**REQUIRED WORK**
Extract exactly the range of lines bounded by the line containing "- net P12: no" and the final line of the listing, both ends included, and no other lines.
☆ ☆ ☆
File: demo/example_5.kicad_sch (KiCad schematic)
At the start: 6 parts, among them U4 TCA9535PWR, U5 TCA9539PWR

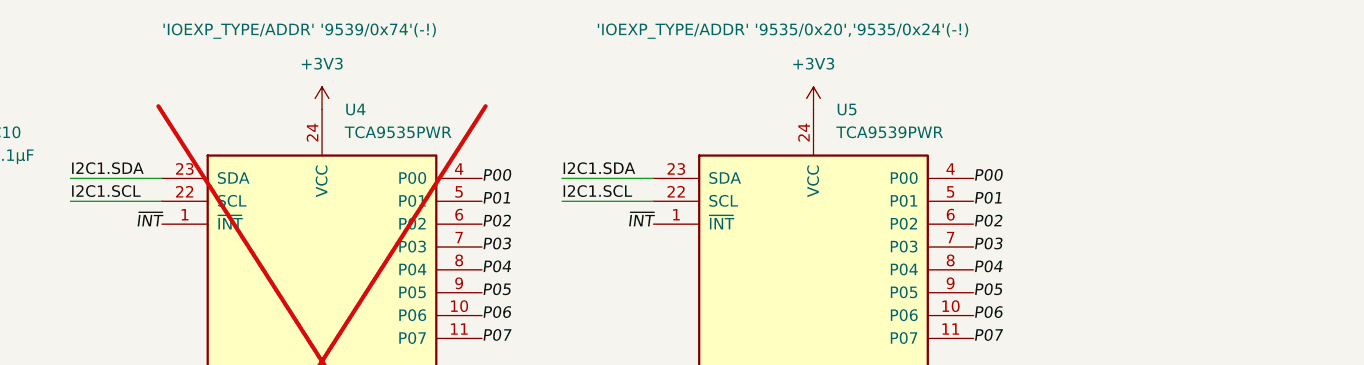
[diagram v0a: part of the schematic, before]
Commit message: Update demo project for upcoming changes
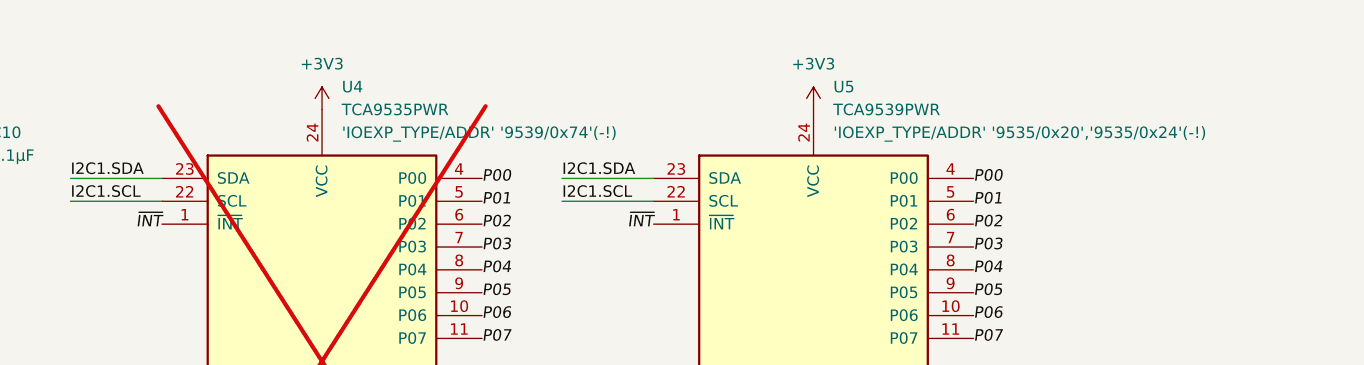
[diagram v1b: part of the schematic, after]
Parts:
- R18: KiVar.Rule 'IOEXP_TYPE/ADDR' '9535/0x24','9539/0x74'(+!) -> (none); Var (none) -> 'IOEXP_TYPE/ADDR' '9535/0x24','9539/0x74'(+!)
- R19: KiVar.Rule 'IOEXP_TYPE/ADDR' '9535/0x20'(+!) -> (none); Var (none) -> 'IOEXP_TYPE/ADDR' '9535/0x20'(+!)
- U4: KiVar.Rule 'IOEXP_TYPE/ADDR' '9539/0x74'(-!) -> (none); Var (none) -> 'IOEXP_TYPE/ADDR' '9539/0x74'(-!)
- U5: KiVar.Rule 'IOEXP_TYPE/ADDR' '9535/0x20','9535/0x24'(-!) -> (none); Var (none) -> 'IOEXP_TYPE/ADDR' '9535/0x20','9535/0x24'(-!)
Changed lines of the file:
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@@
 	(title_block
 		(title "KiVar Demo")
-		(date "2024-03-18")
+		(date "2024-03-19")
 		(rev "0.1.0")
 		(company "Author: Mark Hämmerling <dev@markh.de>")
@@
 			)
 		)
-		(property "KiVar.Rule" "'IOEXP_TYPE/ADDR' '9535/0x24','9539/0x74'(+!)"
+		(property "Var" "'IOEXP_TYPE/ADDR' '9535/0x24','9539/0x74'(+!)"
 			(at 113.03 114.2999 0)
 			(effects
@@
 		(on_board yes)
 		(dnp yes)
+		(fields_autoplaced yes)
 		(property "Reference" "U4"
-			(at 157.48 69.85 0)
+			(at 157.1341 67.31 0)
 			(effects
 				(font
@@
 		)
 		(property "Value" "TCA9535PWR"
-			(at 157.48 72.39 0)
+			(at 157.1341 69.85 0)
 			(effects
 				(font
@@
 			)
 		)
-		(property "KiVar.Rule" "'IOEXP_TYPE/ADDR' '9539/0x74'(-!)"
-			(at 137.16 60.96 0)
+		(property "Var" "'IOEXP_TYPE/ADDR' '9539/0x74'(-!)"
+			(at 157.1341 72.39 0)
 			(effects
 				(font
@@
 		(on_board yes)
 		(dnp no)
+		(fields_autoplaced yes)
 		(property "Reference" "C10"
 			(at 118.11 72.3899 0)
@@
 		(on_board yes)
 		(dnp no)
+		(fields_autoplaced yes)
 		(property "Reference" "U5"
-			(at 212.09 69.85 0)
+			(at 211.7441 67.31 0)
 			(effects
 				(font
@@
 		)
 		(property "Value" "TCA9539PWR"
-			(at 212.09 72.39 0)
+			(at 211.7441 69.85 0)
 			(effects
 				(font
@@
 			)
 		)
-		(property "KiVar.Rule" "'IOEXP_TYPE/ADDR' '9535/0x20','9535/0x24'(-!)"
-			(at 185.42 60.96 0)
+		(property "Var" "'IOEXP_TYPE/ADDR' '9535/0x20','9535/0x24'(-!)"
+			(at 211.7441 72.39 0)
 			(effects
 				(font
@@
 			)
 		)
-		(property "KiVar.Rule" "'IOEXP_TYPE/ADDR' '9535/0x20'(+!)"
+		(property "Var" "'IOEXP_TYPE/ADDR' '9535/0x20'(+!)"
 			(at 113.03 124.4599 0)
 			(effects

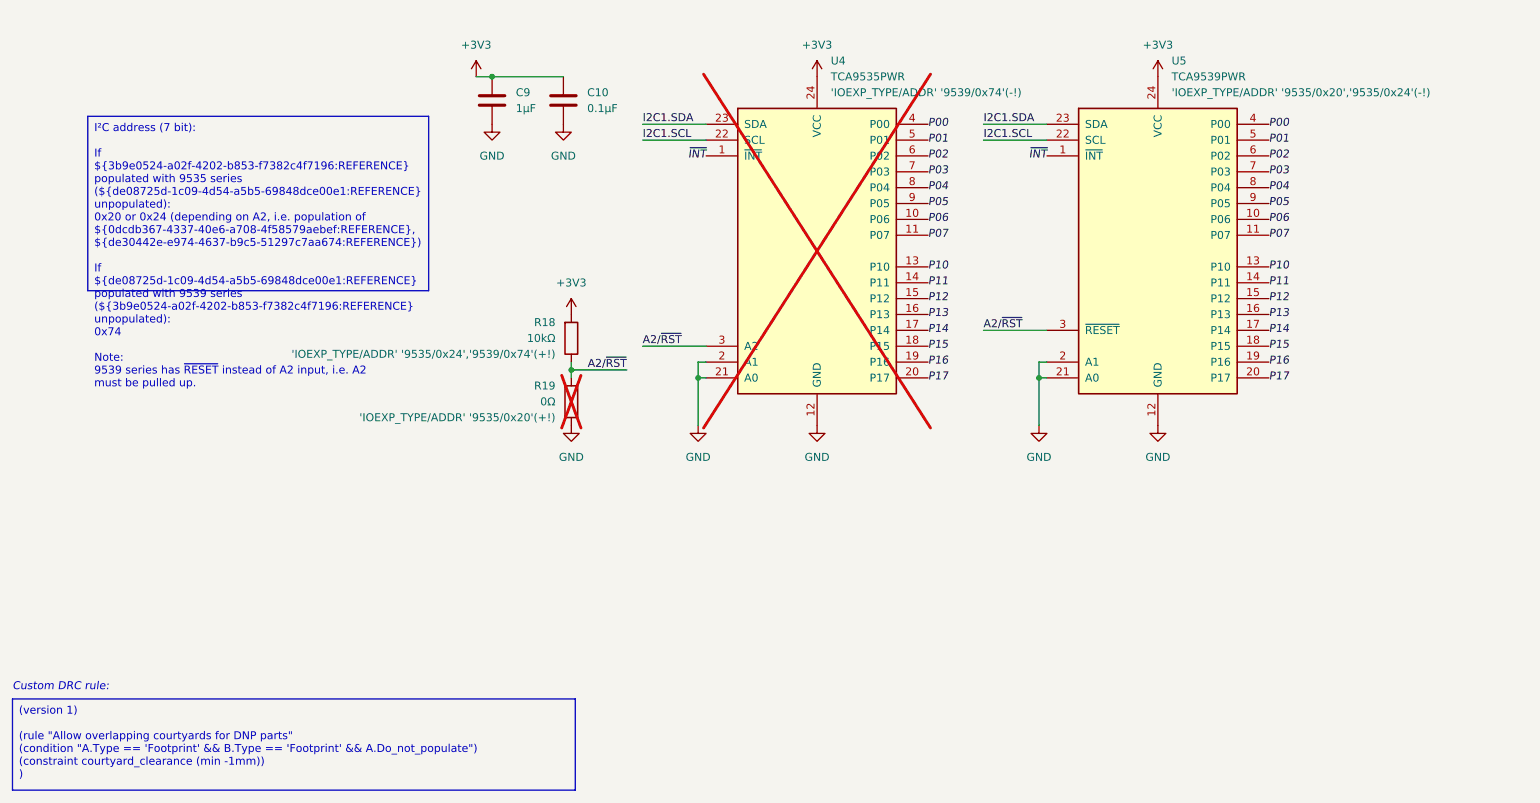
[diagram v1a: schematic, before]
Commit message: Make use of new 0.2.0 features in demo project, use different expression types
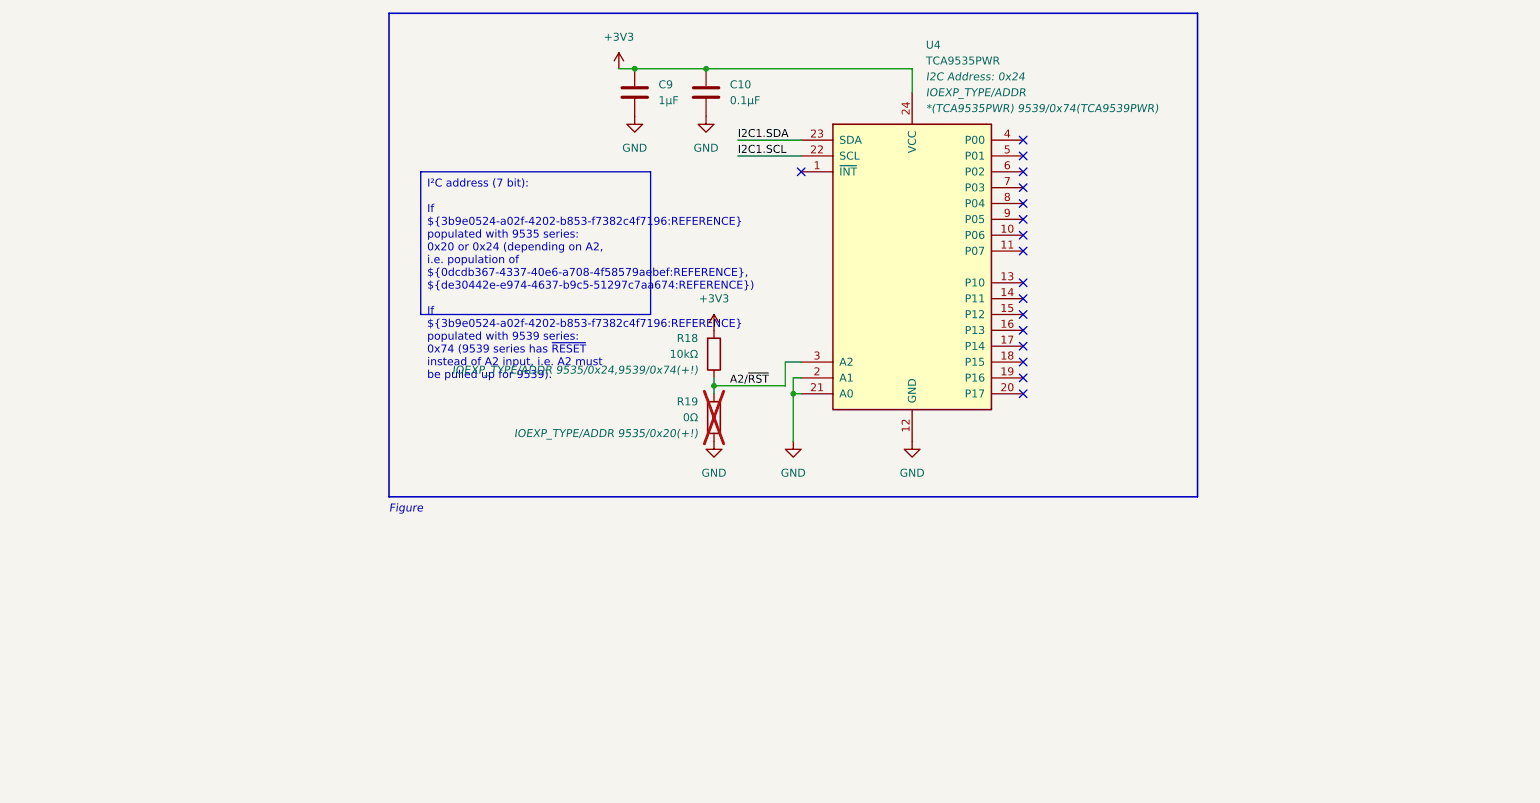
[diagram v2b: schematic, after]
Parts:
- removed U5: TCA9539PWR, Package_SO:TSSOP-24_4.4x7.8mm_P0.65mm, symbol Interface_Expansion:TCA9535PWR
- R18: Var 'IOEXP_TYPE/ADDR' '9535/0x24','9539/0x74'(+!) -> IOEXP_TYPE/ADDR 9535/0x24,9539/0x74(+!)
- R19: Var 'IOEXP_TYPE/ADDR' '9535/0x20'(+!) -> IOEXP_TYPE/ADDR 9535/0x20(+!)
- U4: Datasheet.Var(*) (none) -> http://www.ti.com/lit/ds/symlink/tca9535.pdf; Datasheet.Var(9539/0x74) (none) -> http://www.ti.com/lit/ds/symlink/tca9539.pdf; I2C Address (none) -> 0x24; I2C Address.Var (none) -> 9535/0x20(0x20) 9535/0x24(0x24) 9539/0x74(0x74); MPN (none) -> TCA9535PWR; MPN.Var(*) (none) -> TCA9535PWR; MPN.Var(9539/0x74) (none) -> TCA9539PWR; Manufacturer (none) -> Texas Instruments; Var 'IOEXP_TYPE/ADDR' '9539/0x74'(-!) -> *(TCA9535PWR) 9539/0x74(TCA9539PWR); Var.Aspect (none) -> IOEXP_TYPE/ADDR; now fitted; now in the parts list
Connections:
- net P00: no longer names the net of U4.4 (P00)
- net P01: no longer names the net of U4.5 (P01)
- net P02: no longer names the net of U4.6 (P02)
- net P03: no longer names the net of U4.7 (P03)
- net P04: no longer names the net of U4.8 (P04)
- net P05: no longer names the net of U4.9 (P05)
- net P06: no longer names the net of U4.10 (P06)
- net P07: no longer names the net of U4.11 (P07)
- net P10: no longer names the net of U4.13 (P10)
- net P11: no longer names the net of U4.14 (P11)
- net P12: no longer names the net of U4.15 (P12)
- net P13: no longer names the net of U4.16 (P13)
- net P14: no longer names the net of U4.17 (P14)
- net P15: no longer names the net of U4.18 (P15)
- net P16: no longer names the net of U4.19 (P16)
- net P17: no longer names the net of U4.20 (P17)
- net ~{INT}: no longer names the net of U4.1 (~{INT})
- no-connect marks 0 -> 17
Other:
- note added: "Figure"
- note removed: "Custom DRC rule:"
- moved on the sheet: C10, C9, R18, R19
☆ ☆ ☆
**RESPONSE TO THE TASK**
- net P12: no longer names the net of U4.15 (P12)
- net P13: no longer names the net of U4.16 (P13)
- net P14: no longer names the net of U4.17 (P14)
- net P15: no longer names the net of U4.18 (P15)
- net P16: no longer names the net of U4.19 (P16)
- net P17: no longer names the net of U4.20 (P17)
- net ~{INT}: no longer names the net of U4.1 (~{INT})
- no-connect marks 0 -> 17
Other:
- note added: "Figure"
- note removed: "Custom DRC rule:"
- moved on the sheet: C10, C9, R18, R19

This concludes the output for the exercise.